_Exercise objective_
Leave the pictures out and reproduce all the entries word for word.

_Recorded data_
==*==

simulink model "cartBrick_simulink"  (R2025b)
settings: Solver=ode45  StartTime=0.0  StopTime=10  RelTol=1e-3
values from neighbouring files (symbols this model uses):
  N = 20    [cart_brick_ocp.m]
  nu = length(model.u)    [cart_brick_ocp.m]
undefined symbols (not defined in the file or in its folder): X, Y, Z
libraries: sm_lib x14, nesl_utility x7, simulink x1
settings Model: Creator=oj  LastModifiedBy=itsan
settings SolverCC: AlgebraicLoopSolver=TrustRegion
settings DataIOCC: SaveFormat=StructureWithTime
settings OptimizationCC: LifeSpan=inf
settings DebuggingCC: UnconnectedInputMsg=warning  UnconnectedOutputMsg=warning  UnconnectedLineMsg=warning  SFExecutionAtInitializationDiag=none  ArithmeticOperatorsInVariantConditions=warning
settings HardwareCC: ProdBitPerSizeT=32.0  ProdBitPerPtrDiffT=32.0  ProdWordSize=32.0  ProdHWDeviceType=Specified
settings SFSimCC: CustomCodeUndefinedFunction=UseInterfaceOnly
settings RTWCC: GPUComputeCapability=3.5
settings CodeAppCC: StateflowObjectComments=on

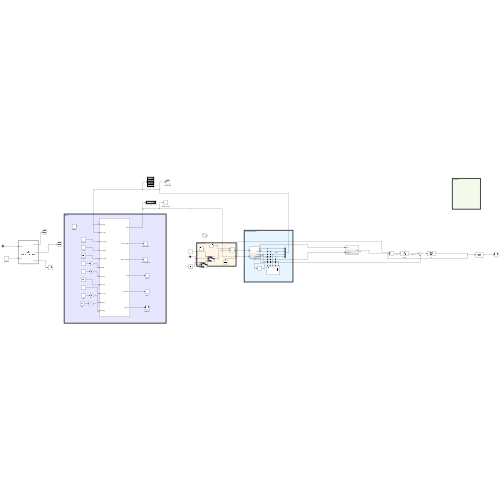
[thumbnail: Simulink's stored preview of the top-level diagram]
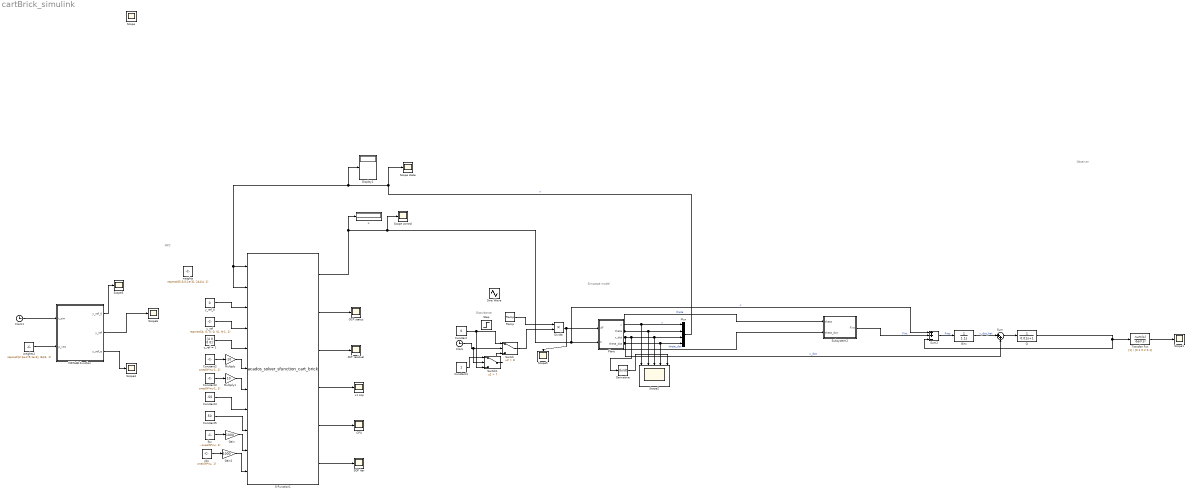
== system cartBrick_simulink ==
  note: Simscape model
  note: Observer
  note: Disturbance
  note: MPC
  CPU : Scope
      settings: Description=status  ActiveDisplayYMinimum=4.7875000000000012E-5  ActiveDisplayYMaximum=0.000858125  DataLoggingVariableName=ScopeData3
  Clock : Clock
      settings: Decimation=7
  Clock1 : Clock
  Constant : Constant  Value=0
  Constant1 : Constant
  Constant2 : Constant  Value=ones(N*nu-1, 1)
  Constant3 : Constant  Value=ones(N*nu-1, 1)
  Constant4 : Constant  Value=-50
  Constant5 : Constant  Value=50
  Derivative : Derivative
  Display1 : Display
  Divide : Product  Inputs=**
  Gain : Gain  Gain=1000
  Gain1 : Gain  Gain=1000
  Ginv : TransferFcn  Denominator=[1.1 0]
  KKT residual : Scope
      settings: Description=status  ActiveDisplayYMinimum=-0.32883901659053916  ActiveDisplayYMaximum=1.592767698176573  DataLoggingVariableName=ScopeData4
  MATLAB Function : MATLAB Function  TreatAsAtomicUnit=on
  Multiply : Gain  Gain=-10
  Multiply1 : Gain  Gain=10
  Mux : Mux
  OCP status : Scope
      settings: Description=status  ActiveDisplayYMinimum=-2.0851401210050069  ActiveDisplayYMaximum=5.2280116787993132
  Plant : Subsystem
  Q : TransferFcn  Denominator=[0.01 1]
  Ramp : simulink/Sources/Ramp  slope=1  start=1  InitialOutput=0
  S-Function1 : S-Function  FunctionName=acados_solver_sfunction_cart_brick  SFunctionDeploymentMode=off  EnableBusSupport=off
      mask Display:
      | % from the make_sfun file
      | global sfun_input_names sfun_output_names
      | for i = 1:length(sfun_input_names)
      | 	port_label('input', i, sfun_input_names{i})
      | end
      | for i = 1:length(sfun_output_names)
      | 	port_label('output', i, sfun_output_names{i})
      | end
  SQP iter : Scope
      settings: Description=status  ActiveDisplayYMinimum=0.875  ActiveDisplayYMaximum=2.125  DataLoggingVariableName=ScopeData5
  Scope control : Scope
      settings: ActiveDisplayYMinimum=-505.22988338563073  ActiveDisplayYMaximum=1195.552745234269  DataLoggingVariableName=ScopeData6
  Scope state : Scope
      settings: ActiveDisplayYMinimum=-0.21964245596561607  ActiveDisplayYMaximum=0.1960092178367589  DataLoggingVariableName=ScopeData7
  Scope{,1,3..6} (6 alike) : Scope
      Scope1 settings: ActiveDisplayYMinimum=-1  ActiveDisplayYMaximum=1  DataLoggingVariableName=ScopeData8
      Scope3 settings: ActiveDisplayYMinimum=-1.7541433017886874  ActiveDisplayYMaximum=4.946334901336316  DataLoggingVariableName=ScopeData10
      Scope4 settings: ActiveDisplayYMinimum=-1.7541433017886874  ActiveDisplayYMaximum=4.946334901336316  DataLoggingVariableName=ScopeData11
      Scope5 settings: ActiveDisplayYMinimum=-1.183238458570643  ActiveDisplayYMaximum=1.630962386741857  DataLoggingVariableName=ScopeData12
      Scope6 settings: ActiveDisplayYMinimum=-1.7541433017886874  ActiveDisplayYMaximum=4.946334901336316  DataLoggingVariableName=ScopeData13
      Scope settings: ActiveDisplayYMinimum=-13.79726  ActiveDisplayYMaximum=10.28583
  Scope2 : Scope  NumInputPorts=5
      settings: ActiveDisplayYMinimum=-14.024186405885914  ActiveDisplayYMaximum=38.526811919180453  DataLoggingVariableName=ScopeData9
  Sine Wave : Sin  Frequency=6*pi  SampleTime=0
  Step : Step  Before=3  After=0  SampleTime=0
  Subsystem2 : Subsystem
  Sum : Sum  Inputs=|++
  Sum2 : Sum  Inputs=+|+|-
  Switch : Switch  Criteria=u2 > Threshold  Threshold=8  SaturateOnIntegerOverflow=off  InputSameDT=off
  Switch1 : Switch  Criteria=u2 > Threshold  Threshold=7  SaturateOnIntegerOverflow=off  InputSameDT=off
  Transfer Fcn : TransferFcn  Denominator=[0.1 0.2 0.1]
  lbu : Constant  Value=- ones(N*nu, 1)
  u : Display
  ubu : Constant  Value=ones(N*nu, 1)
  weights : Constant  Value=repmat([5;3;0;1e-3], 244/4, 1)
  weights1 : Constant  Value=repmat([2;1e-2;5;1e-2], 84/4, 1)
  x1 ocp : Scope
      settings: Description=status  ActiveDisplayYMinimum=-2.6422889921421415  ActiveDisplayYMaximum=2.2266101006407979  DataLoggingVariableName=ScopeData2
  y_ref : Constant  Value=repmat([4; 0; 0; 0; 0], N-1, 1)
  y_ref = 1 : Constant  Value=[4 0 0 0]'
  y_ref_0 : Constant  Value=0
  wires:
  S-Function1/5 -> CPU/1
  S-Function1/6 -> SQP iter/1
  S-Function1/3 -> KKT residual/1
  Mux/1 -> Display1/1, S-Function1/2, S-Function1/1, Scope state/1  "x"
  lbu/1 -> Gain/1
  S-Function1/4 -> x1 ocp/1
  S-Function1/2 -> OCP status/1
  Plant/1(x) -> Mux/1, Scope2/1  "x"
  Plant/3(x_dot) -> Sum/2, Derivative/1, Mux/3, Scope2/3  "x_dot"
  Clock/1 -> Switch1/2, Switch/2
  Constant/1 -> Switch1/3, Switch/1
  Divide/1 -> Plant/1(dF), Scope5/1
  Switch/1 -> Divide/2
  ubu/1 -> Gain1/1
  Constant2/1 -> Multiply/1
  Constant3/1 -> Multiply1/1
  Plant/2(theta) -> Subsystem2/1(theta), Mux/2, Scope2/2  "theta"
  S-Function1/1 -> u/1, Sum2/1, Plant/2(F), Scope control/1  "u"
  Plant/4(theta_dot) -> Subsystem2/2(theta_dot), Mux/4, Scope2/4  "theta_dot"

==*==

_Solution for this exercise_
simulink model "cartBrick_simulink"  (R2025b)
settings: Solver=ode45  StartTime=0.0  StopTime=10  RelTol=1e-3
values from neighbouring files (symbols this model uses):
  N = 20    [cart_brick_ocp.m]
  nu = length(model.u)    [cart_brick_ocp.m]
undefined symbols (not defined in the file or in its folder): X, Y, Z
libraries: sm_lib x14, nesl_utility x7, simulink x1
settings Model: Creator=oj  LastModifiedBy=itsan
settings SolverCC: AlgebraicLoopSolver=TrustRegion
settings DataIOCC: SaveFormat=StructureWithTime
settings OptimizationCC: LifeSpan=inf
settings DebuggingCC: UnconnectedInputMsg=warning  UnconnectedOutputMsg=warning  UnconnectedLineMsg=warning  SFExecutionAtInitializationDiag=none  ArithmeticOperatorsInVariantConditions=warning
settings HardwareCC: ProdBitPerSizeT=32.0  ProdBitPerPtrDiffT=32.0  ProdWordSize=32.0  ProdHWDeviceType=Specified
settings SFSimCC: CustomCodeUndefinedFunction=UseInterfaceOnly
settings RTWCC: GPUComputeCapability=3.5
settings CodeAppCC: StateflowObjectComments=on

[thumbnail: Simulink's stored preview of the top-level diagram]
== system cartBrick_simulink ==
  note: Simscape model
  note: Observer
  note: Disturbance
  note: MPC
  CPU : Scope
      settings: Description=status  ActiveDisplayYMinimum=4.7875000000000012E-5  ActiveDisplayYMaximum=0.000858125  DataLoggingVariableName=ScopeData3
  Clock : Clock
      settings: Decimation=7
  Clock1 : Clock
  Constant : Constant  Value=0
  Constant1 : Constant
  Constant2 : Constant  Value=ones(N*nu-1, 1)
  Constant3 : Constant  Value=ones(N*nu-1, 1)
  Constant4 : Constant  Value=-50
  Constant5 : Constant  Value=50
  Derivative : Derivative
  Display1 : Display
  Divide : Product  Inputs=**
  Gain : Gain  Gain=1000
  Gain1 : Gain  Gain=1000
  Ginv : TransferFcn  Denominator=[1.1 0]
  KKT residual : Scope
      settings: Description=status  ActiveDisplayYMinimum=-0.32883901659053916  ActiveDisplayYMaximum=1.592767698176573  DataLoggingVariableName=ScopeData4
  MATLAB Function : MATLAB Function  TreatAsAtomicUnit=on
  Multiply : Gain  Gain=-10
  Multiply1 : Gain  Gain=10
  Mux : Mux
  OCP status : Scope
      settings: Description=status  ActiveDisplayYMinimum=-2.0851401210050069  ActiveDisplayYMaximum=5.2280116787993132
  Plant : Subsystem
  Q : TransferFcn  Denominator=[0.01 1]
  Ramp : simulink/Sources/Ramp  slope=1  start=1  InitialOutput=0
  S-Function1 : S-Function  FunctionName=acados_solver_sfunction_cart_brick  SFunctionDeploymentMode=off  EnableBusSupport=off
      mask Display:
      | % from the make_sfun file
      | global sfun_input_names sfun_output_names
      | for i = 1:length(sfun_input_names)
      | 	port_label('input', i, sfun_input_names{i})
      | end
      | for i = 1:length(sfun_output_names)
      | 	port_label('output', i, sfun_output_names{i})
      | end
  SQP iter : Scope
      settings: Description=status  ActiveDisplayYMinimum=0.875  ActiveDisplayYMaximum=2.125  DataLoggingVariableName=ScopeData5
  Scope control : Scope
      settings: ActiveDisplayYMinimum=-505.22988338563073  ActiveDisplayYMaximum=1195.552745234269  DataLoggingVariableName=ScopeData6
  Scope state : Scope
      settings: ActiveDisplayYMinimum=-0.21964245596561607  ActiveDisplayYMaximum=0.1960092178367589  DataLoggingVariableName=ScopeData7
  Scope{,1,3..6} (6 alike) : Scope
      Scope1 settings: ActiveDisplayYMinimum=-1  ActiveDisplayYMaximum=1  DataLoggingVariableName=ScopeData8
      Scope3 settings: ActiveDisplayYMinimum=-1.7541433017886874  ActiveDisplayYMaximum=4.946334901336316  DataLoggingVariableName=ScopeData10
      Scope4 settings: ActiveDisplayYMinimum=-1.7541433017886874  ActiveDisplayYMaximum=4.946334901336316  DataLoggingVariableName=ScopeData11
      Scope5 settings: ActiveDisplayYMinimum=-1.183238458570643  ActiveDisplayYMaximum=1.630962386741857  DataLoggingVariableName=ScopeData12
      Scope6 settings: ActiveDisplayYMinimum=-1.7541433017886874  ActiveDisplayYMaximum=4.946334901336316  DataLoggingVariableName=ScopeData13
      Scope settings: ActiveDisplayYMinimum=-13.79726  ActiveDisplayYMaximum=10.28583
  Scope2 : Scope  NumInputPorts=5
      settings: ActiveDisplayYMinimum=-14.024186405885914  ActiveDisplayYMaximum=38.526811919180453  DataLoggingVariableName=ScopeData9
  Sine Wave : Sin  Frequency=6*pi  SampleTime=0
  Step : Step  Before=3  After=0  SampleTime=0
  Subsystem2 : Subsystem
  Sum : Sum  Inputs=|++
  Sum2 : Sum  Inputs=+|+|-
  Switch : Switch  Criteria=u2 > Threshold  Threshold=8  SaturateOnIntegerOverflow=off  InputSameDT=off
  Switch1 : Switch  Criteria=u2 > Threshold  Threshold=7  SaturateOnIntegerOverflow=off  InputSameDT=off
  Transfer Fcn : TransferFcn  Denominator=[0.1 0.2 0.1]
  lbu : Constant  Value=- ones(N*nu, 1)
  u : Display
  ubu : Constant  Value=ones(N*nu, 1)
  weights : Constant  Value=repmat([5;3;0;1e-3], 244/4, 1)
  weights1 : Constant  Value=repmat([2;1e-2;5;1e-2], 84/4, 1)
  x1 ocp : Scope
      settings: Description=status  ActiveDisplayYMinimum=-2.6422889921421415  ActiveDisplayYMaximum=2.2266101006407979  DataLoggingVariableName=ScopeData2
  y_ref : Constant  Value=repmat([4; 0; 0; 0; 0], N-1, 1)
  y_ref = 1 : Constant  Value=[4 0 0 0]'
  y_ref_0 : Constant  Value=0
  wires:
  S-Function1/5 -> CPU/1
  S-Function1/6 -> SQP iter/1
  S-Function1/3 -> KKT residual/1
  Mux/1 -> Display1/1, S-Function1/2, S-Function1/1, Scope state/1  "x"
  lbu/1 -> Gain/1
  S-Function1/4 -> x1 ocp/1
  S-Function1/2 -> OCP status/1
  Plant/1(x) -> Mux/1, Scope2/1  "x"
  Plant/3(x_dot) -> Sum/2, Derivative/1, Mux/3, Scope2/3  "x_dot"
  Clock/1 -> Switch1/2, Switch/2
  Constant/1 -> Switch1/3, Switch/1
  Divide/1 -> Plant/1(dF), Scope5/1
  Switch/1 -> Divide/2
  ubu/1 -> Gain1/1
  Constant2/1 -> Multiply/1
  Constant3/1 -> Multiply1/1
  Plant/2(theta) -> Subsystem2/1(theta), Mux/2, Scope2/2  "theta"
  S-Function1/1 -> u/1, Sum2/1, Plant/2(F), Scope control/1  "u"
  Plant/4(theta_dot) -> Subsystem2/2(theta_dot), Mux/4, Scope2/4  "theta_dot"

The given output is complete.